This is one of three different “seven number” summaries of the distribution of a set of scores which are all extensions of the five point summary (minimum, lower quartile, median, upper quartile and maximum to save you clicking through!)

Details #

This seven number summary splits a distribution into eight score ranges. The cutting points here are “2.15%”, “8.87%”, “25%”, “50%”, “75%”, “91.13%” and “97.85%”, so as proportions those are 0.0215, 0.0887, 0.25, 0.5, 0.75, 0.9113 and 0.9785. The logic is that if the distribution is Gaussian those points would be about equally spaced across the range of the scores. Apparently it was associated with a box plot with extra “whiskers”. Here’s an example for 5,000 values of a Gaussian distribution with mean 1.0 and SD 1 and the cubes of those numbers transformed to re-centre then on 1.00 and to have an SD again of 1.0.
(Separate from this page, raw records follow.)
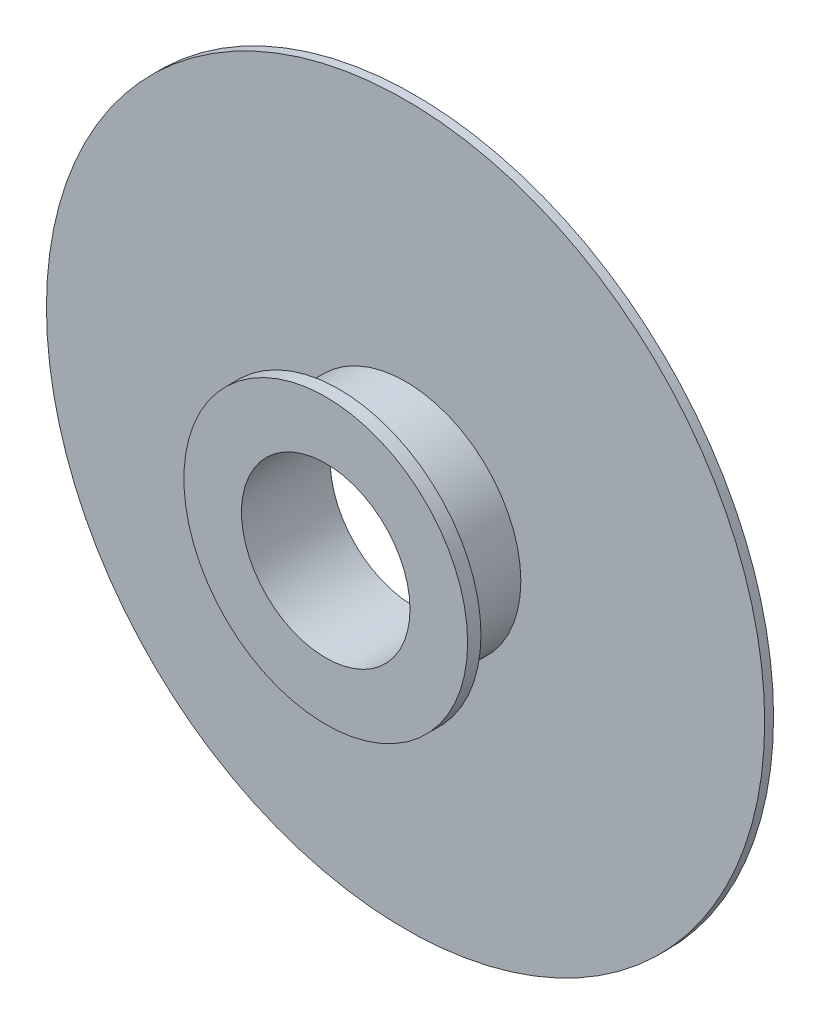
SolidWorks part; units mm, degrees
ref_plane "Front Plane" through (0, 0, 0) normal (0, 0, 1) x (1, 0, 0)
ref_plane "Top Plane" through (0, 0, 0) normal (0, 1, 0) x (1, 0, 0)
ref_plane "Right Plane" through (0, 0, 0) normal (1, 0, 0) x (0, 0, -1)
sketch "Sketch1" plane through (0, 0, 0) normal (0, 0, 1) x (1, 0, 0)
  circle A0 centre (0, 0) radius 81
  circle A1 centre (0, 0) radius 19
  dimension "D1" = 162
  dimension "D2" = 38
extrude "Boss-Extrude1" add sketch "Sketch1" along normal blind 2
sketch "Sketch2" plane through (0, 0, 2) normal (0, 0, 1) x (1, 0, 0)
  circle A0 centre (0, 0) radius 19 construction
  circle A1 centre (0, 0) radius 19
  circle A2 centre (0, 0) radius 26
  dimension "D1" = 7
extrude "Boss-Extrude2" add sketch "Sketch2" along normal blind 18
sketch "Sketch3" plane through (0, 0, 20) normal (0, 0, 1) x (1, 0, 0)
  circle A0 centre (0, 0) radius 26 construction
  circle A1 centre (0, 0) radius 26
  circle A2 centre (0, 0) radius 32
  dimension "D1" = 6
extrude "Boss-Extrude3" add sketch "Sketch3" against normal blind 3

Extended boxplot showing extra “whiskers” of the seven number summary

It can be seen there that three central cutting points (lower quartile, median and upper quartile) are almost the same for the Gaussian distribution on the left and the non-Gaussian distribution on the right and that those look pretty equally spaced. It can also be seen that the additional four “whiskers” above and below the box that form this seven number summary are not equally spaced. It can be argued that this makes this a useful enhancement to the five number summary and ordinary boxplot. However, here are the histograms of the same data with the closest fitting Gaussian distributions as red density lines.

I think that’s a much better way to see the distribution of the data and to see that the second dataset clearly doesn’t fit a Gaussian distribution whereas the first looks like very close fit to Gaussian. The qq plot is an even better way to detect deviation from Gaussian distribution by eyeballing a plot as this next plot shows.

Of course if you really want this there are good null hypothesis tests that test the fit of a set of data to a Gaussian distribution. Equally, the preoccupation with whether or not distributions are Gaussian or not is essentially a historical one now we have bootstrap methods and, I hope, are finally losing the overvaluation of the whole NHST (Null Hypothesis Significance Testing) paradigm which was so linked with “parametric tests” with their assumptions of Gaussian population distributions.

Summary #

I think we can forget this seven number summary!

Try also #

Chapters #

Not covered in the OMbook.

Online resources #

One of my shiny apps: ECDF plot with quantiles and CIs for quantiles is pertinent in the unlikely event that you ever want to get any of these seven point splits of your data with their confidence intervals!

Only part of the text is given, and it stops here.